## WHAT YOU WILL DO
From the entries below, copy every line holding the word "MOBILIARIOS".

## RECORDED DATA
=== Section Start ===

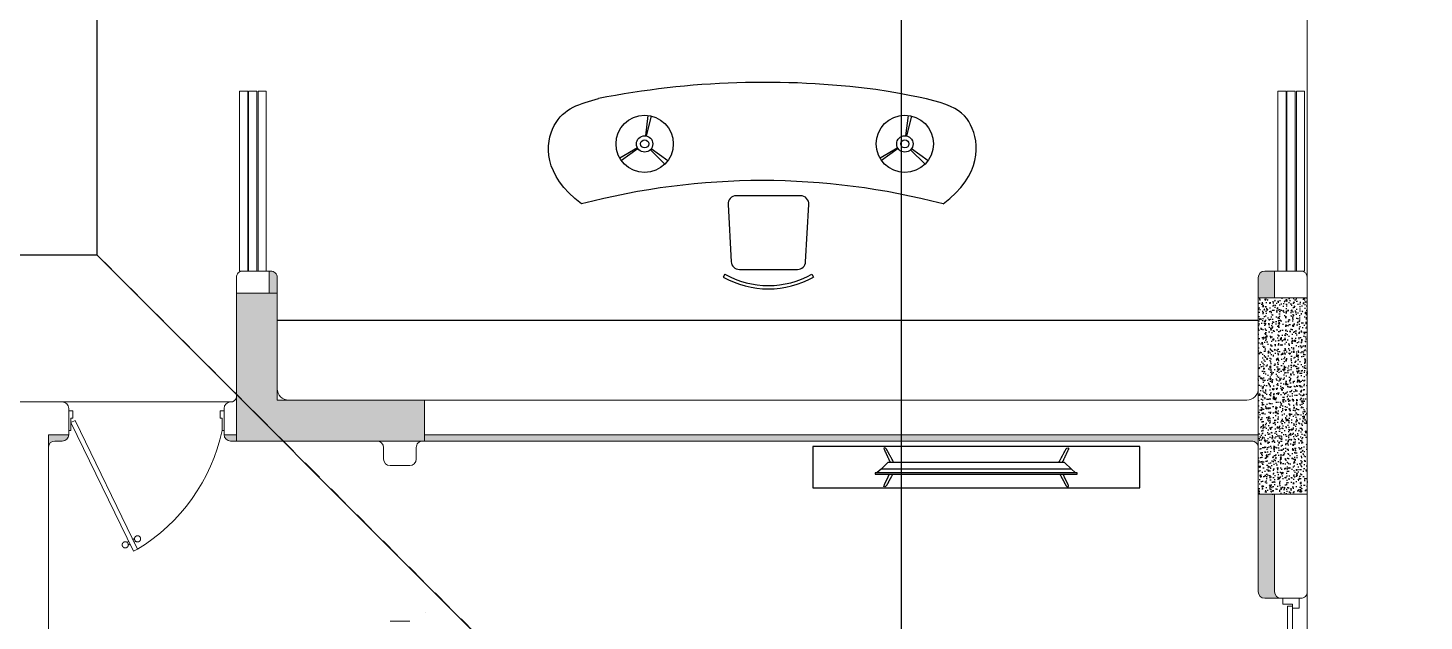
# Model space of a CAD drawing. Header units: metres. Extents: x -232 to 581, y 30 to 789.
# Drawn here: x 231.49 to 240.03, y 592.93 to 596.56 of the extents above; entities that cross this region are included whole.
import ezdxf

# ---------------------------------------------------------------- set-up
doc = ezdxf.new("R2010")
doc.units = ezdxf.units.M
doc.linetypes.add('HIDDEN2', pattern=[0.1875, 0.125, -0.0625])
for name, color, linetype in [('_electricos-Leyenda', 7, 'Continuous'), ('HATCH', 8, 'Continuous'), ('MOBILIARIOS', 252, 'Continuous')]:
    doc.layers.add(name, color=color, linetype=linetype)
for name, color, linetype, lineweight in [('A-ANNO-TEXT', 251, 'Continuous', 13), ('A-DOOR', 35, 'Continuous', 5), ('A-WALL', 250, 'Continuous', 20), ('baños', 140, 'Continuous', 0), ('Columnas', 7, 'Continuous', 18)]:
    doc.layers.add(name, color=color, linetype=linetype, lineweight=lineweight)
doc.layers.add('PISO', color=7, linetype='Continuous', lineweight=5, true_color=0xe6e6e6)
doc.layers.add('Techos 1', color=7, linetype='HIDDEN2', lineweight=9, true_color=0x42391a)
doc.layers.add('RELLENO SECCION', color=8, linetype='Continuous', lineweight=0, transparency=0.4)
doc.styles.get("Standard").update_dxf_attribs({"font": 'arial.ttf'})
pattern_1 = [(49.99999999999999, (114.3310712337616, 55.23879643552809), (0.05829909407872129, -0.005100507372448988), [0.006096000000000001, -0.067056]), (355, (114.3310712337616, 55.23879643552809), (-0.01127789485599019, 0.06113819047649125), [0.004876800000000001, -0.05364498693440001]), (100.4514447, (114.3359294760016, 55.23837139440808), (0.04702119906891305, 0.05603768061190244), [0.005180802815999999, -0.05698887827199999]), (46.18420000000001, (114.3310712337616, 55.25505243552809), (0.08674529308548158, -0.01345354493847269), [0.009144000000000001, -0.100584]), (96.63555760999992, (114.3383000017616, 55.25393131552809), (0.07596932289648096, 0.07917635987127089), [0.0077712074048, -0.08548339461120001]), (351.1841511700001, (114.3310712337616, 55.25505243552809), (0.07596932290079265, 0.07917635986737045), [0.007315189462400001, -0.0804671142144]), (21, (114.3391992337616, 55.25098843552809), (0.0485166052061224, -0.03272486341986804), [0.006096000000000001, -0.067056]), (326.0000000000001, (114.3391992337616, 55.25098843552809), (0.01977664907124706, 0.05894014915914217), [0.004876800000000001, -0.0536448]), (71.45144499999999, (114.3432422841936, 55.24826136356009), (0.06829325416918917, 0.02621528604348968), [0.005180802816000001, -0.056988780032]), (37.50000000000001, (114.3310712337616, 55.23879643552809), (0.0009883530401893813, 0.027057612439409), [0, -0.05299456, 0, -0.05445760000000001, 0, -0.05384800000000001]), (7.499999999999999, (114.3310712337616, 55.23879643552809), (0.02138229200329784, 0.03205778394179824), [0, -0.03104896, 0, -0.05177536000000001, 0, -0.0205232]), (327.5, (114.3129457937616, 55.23879643552809), (0.04338899045339885, -0.001833198077655502), [0, -0.02032, 0, -0.06339840000000001, 0, -0.0841248]), (317.5, (114.3048177937616, 55.23879643552809), (0.04740133804352578, 0.00813647713066657), [0, -0.026416, 0, -0.04210304, 0, -0.0597408])]

# ---------------------------------------------------------------- blocks, each defined once
blk = doc.blocks.new('A$C58f5b6b7')
at = {"layer": 'MOBILIARIOS'}
for points in [[(1.069470840775466e-07, 0.2525811234954745), (2.000000106947084, 0.2525811234954745), (2.000000106947084, 0), (1.069470840775466e-07, 0)], [(0.3820001069470891, 0.1596185134729211), (0.3820001069470891, 0.1691435134729176), (1.618000106947079, 0.1691435134729176), (1.618000106947079, 0.1596185134729211)]]:
    blk.add_lwpolyline(points, close=True, dxfattribs=at)
for points in [[(1.605932393574449, 0.159519432846011), (1.582282151334311, 0.1371998092812277), (1.000000106947084, 0.1371998092812277), (0.4177180625598567, 0.1371998092812277), (0.3940678203197194, 0.159519432846011)], [(1.582282151334311, 0.1371998092812277), (1.539962872616115, 0.09726151347291534), (0.4600373412780527, 0.09726151347290113), (0.4177180625598567, 0.1371998092812277)]]:
    blk.add_lwpolyline(points, dxfattribs=at)
for points, degree in [([(0.4511645361125147, 0.2382135501685951, -0.004703474324619776), (0.446902711392795, 0.2460982481493375, -0.004703474324619776), (0.4415006584346202, 0.2460982481493375, -0.004703474324619776), (0.4324817371493168, 0.2460982481493375, -0.004703474324619776), (0.4368044720420698, 0.2370140929480868, -0.004703474324619776)], 3), ([(0.4368044720420698, 0.2370140929480868, -0.004703474324619776), (0.452572019644947, 0.2030788032105022, -0.004703474324619776), (0.4683395672478241, 0.1691435134729176, -0.004703474324619776)], 2), ([(0.4884981539053115, 0.1691435134729176, -0.004703474324619776), (0.4698313450089131, 0.2036785318207563, -0.004703474324619776), (0.4511645361125147, 0.2382135501685951, -0.004703474324619776)], 2), ([(1.511502059988857, 0.1691435134729176, -0.004703474324619776), (1.530168868885255, 0.2036785318207563, -0.004703474324619776), (1.548835677781653, 0.2382135501685951, -0.004703474324619776)], 2), ([(1.563195741852098, 0.2370140929480868, -0.004703474324619776), (1.547428194249221, 0.2030788032105022, -0.004703474324619776), (1.531660646646344, 0.1691435134729176, -0.004703474324619776)], 2), ([(1.548835677781653, 0.2382135501685951, -0.004703474324619776), (1.553097502501373, 0.2460982481493375, -0.004703474324619776), (1.558499555459548, 0.2460982481493375, -0.004703474324619776), (1.567518476744851, 0.2460982481493375, -0.004703474324619776), (1.563195741852098, 0.2370140929480868, -0.004703474324619776)], 3), ([(0.4368044720420698, 0.0171824033505743, -0.004703474324619776), (0.4554082793266616, 0.05722195841174482, -0.004703474324619776), (0.4740120866112534, 0.09726151347290113, -0.004703474324619776)], 2), ([(0.4950970879554575, 0.09726151347290113, -0.004703474324619776), (0.4731308120339577, 0.05662222980149068, -0.004703474324619776), (0.4511645361125147, 0.01598294613006601, -0.004703474324619776)], 2), ([(1.504903125938711, 0.09726151347291534), (1.52686940186021, 0.05662222980149068), (1.548835677781653, 0.01598294613006601)], 2), ([(1.563195741852098, 0.0171824033505743), (1.544591934567507, 0.05722195841174482), (1.525988127282915, 0.09726151347291534)], 2)]:
    blk.add_open_spline(points, degree=degree, dxfattribs=at)
for points in [[(0.4511645361125147, 0.01598294613006601, -0.004703474324619776), (0.446902711392795, 0.008098248149337905, -0.004703474324619776), (0.4415006577906411, 0.008098248149337905, -0.004703474324619776), (0.432481734999044, 0.008098248149337905, -0.004703474324619776), (0.4368044720420698, 0.0171824033505743, -0.004703474324619776)], [(1.548835677781653, 0.01598294613006601), (1.553097502501373, 0.008098248149337905), (1.558499556103527, 0.008098248149337905), (1.567518478895124, 0.008098248149337905), (1.563195741852098, 0.0171824033505743)]]:
    blk.add_open_spline(points, degree=3, knots=[-0.08544200803406514, -0.08544200803406514, -0.08544200803406514, -0.08544200803406514, -0.04272100910977372, 0, 0, 0, 0], dxfattribs=at)
blk = doc.blocks.new('A$C2f9b60d5')
at = {"layer": 'A-DOOR'}
for p, q in [((1.633476927054289e-05, 0.1005227153823967), (1.4210854715202e-14, 0.000522715274215102)), ((1.633476927054289e-05, 0.1005227153823967), (0.06001633402468087, 0.1005129145209622)), ((0.06000980011680213, 0.0605129136681839), (0.0600163340244535, 0.1005129131717837)), ((3.540009737625837, 0.06000980278508194), (3.540016271533489, 0.1000098022886817)), ((3.600016270789126, 0.1000000027764258), (3.540016271533716, 0.1000098036378603)), ((3.600016270789126, 0.1000000027764258), (3.600016270789126, 0)), ((0.03499999968198608, 0.00051699810502015), (0, 0.0005227152742079966)), ((0.03500980054343472, 0.06051699736043048), (0.03499999968198608, 0.00051699810502015)), ((0.06000980011680213, 0.0605129136681839), (0.03500980054343472, 0.06051699736043048)), ((3.540009737625837, 0.06000980278508194), (3.565009737199205, 0.06000571909283536)), ((3.565009737199205, 0.06000571909283536), (3.564999936337756, 5.719837425033347e-06)), ((3.564999936337756, 5.719837425033347e-06), (3.599999936019799, 2.668237186753686e-09))]:
    blk.add_line(p, q, dxfattribs=at)
for points in [[(0.6314092330019889, 0.7340958971768075), (1.024707454436111, 0.06038800207075923), (1.050863378287204, 0.07565734714647476), (0.6575651568530816, 0.7493652422525443)], [(2.965838793269256, 0.7337145734945238), (2.572320495568988, 0.06013520305140219), (2.546169561538136, 0.07541309233165805), (2.939687859238404, 0.7489924627748081)], [(0.04460117791131779, 0.0605154306310709), (1.024707454436111, 0.06038800207075923), (1.02470250717073, 0.03010128506361553), (0.04459623064587959, 0.03022871362392721)], [(3.552426772093781, 0.06000777449115446), (2.572320495568988, 0.06013520305140219), (2.572315548303663, 0.02984848604425849), (3.552421824828457, 0.02972105748401077)]]:
    blk.add_lwpolyline(points, close=True, dxfattribs=at)
at = {"layer": 'A-DOOR', "linetype": 'HIDDEN2'}
for centre, start, end in [((0.9599614829443794, -0.04884636815482679), 10.76134296711832, 110.7488073156987), ((2.637030777241819, -0.04912031355443247), 69.23247441770859, 169.2199387662857)]:
    blk.add_arc(centre, 0.8535720901146175, start, end, dxfattribs=at)
blk = doc.blocks.new('puerta 1.00')
at = {"layer": 'A-DOOR'}
for p, q in [((-0.1499909777825792, -0.01249999999998863), (-0.9369131065861893, -0.3949003899592327)), ((-0.1376018300305759, -0.03799499105906534), (-0.9245239588341292, -0.4203953810183521)), ((-0.1376018300305759, -0.03799499105906534), (-0.1499909777825792, -0.01249999999998863)), ((-0.9369131065861893, -0.3949003899592185), (-0.9245239588341292, -0.4203953810182952)), ((-0.8945933787151716, -0.3743353558235185), (-0.8995626804436938, -0.3641092849366885)), ((-0.8776654875668441, -0.3661093421694943), (-0.8826347892953663, -0.3558832712826359)), ((-0.8822042309632252, -0.3998303468828937), (-0.8772349292346462, -0.4100564177697379)), ((-0.8652763398148409, -0.391604333228571), (-0.8603070380863755, -0.4018304041154153))]:
    blk.add_line(p, q, dxfattribs=at)
for points in [[(-0.08000000000000003, 0), (-0.07999999999977266, -0.02502577938815875), (-0.1250000000001364, -0.02502577938815875), (-0.1250000000001364, -0.01249999999998863), (-0.2000000000002728, -0.01249999999998863), (-0.2000000000002728, 0), (-0.08000000000000003, 0)], [(-0.08000000000000003, -0.949999999999676), (-0.07999999999977266, -0.9249742206115172), (-0.1250000000001364, -0.9249742206115172), (-0.1250000000001364, -0.9374999999996874), (-0.2000000000002728, -0.9374999999996874), (-0.2000000000002728, -0.949999999999676), (-0.08000000000000003, -0.949999999999676)]]:
    blk.add_lwpolyline(points, dxfattribs=at)
blk.add_arc((0.0366406024470507, 0.1601847667154885), 1.12290276596214, 211.1335814021241, 257.8342745107439, dxfattribs=at)
for points in [[(-0.8982293876285894, -0.3641570476290497), (-0.9032723932726299, -0.3641552480922314), (-0.9120053357341931, -0.3591091255589873), (-0.9170452244890726, -0.3503725840241714), (-0.9170416254155498, -0.3402865727359341), (-0.9119955028824052, -0.3315536302744846), (-0.9032589613473192, -0.3265137415195056), (-0.8931729500592382, -0.3265173405931563), (-0.8844400075977319, -0.3315634631261162), (-0.8794001188427956, -0.3403000046612163), (-0.8794037179163752, -0.3503860159494536), (-0.8844498404495198, -0.3591189584108889), (-0.8931863819846058, -0.3641588471658821), (-0.8982293876285894, -0.3641570476290497)], [(-0.8616537628267338, -0.4394241479959078), (-0.8666967684707743, -0.4394223484592317), (-0.8754297109322806, -0.4343762259259734), (-0.8804695996872169, -0.4256396843908874), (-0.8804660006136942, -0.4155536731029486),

=== Section End ===

## ANSWER TO THIS PROBLEM
for name, color, linetype in [('_electricos-Leyenda', 7, 'Continuous'), ('HATCH', 8, 'Continuous'), ('MOBILIARIOS', 252, 'Continuous')]:
at = {"layer": 'MOBILIARIOS'}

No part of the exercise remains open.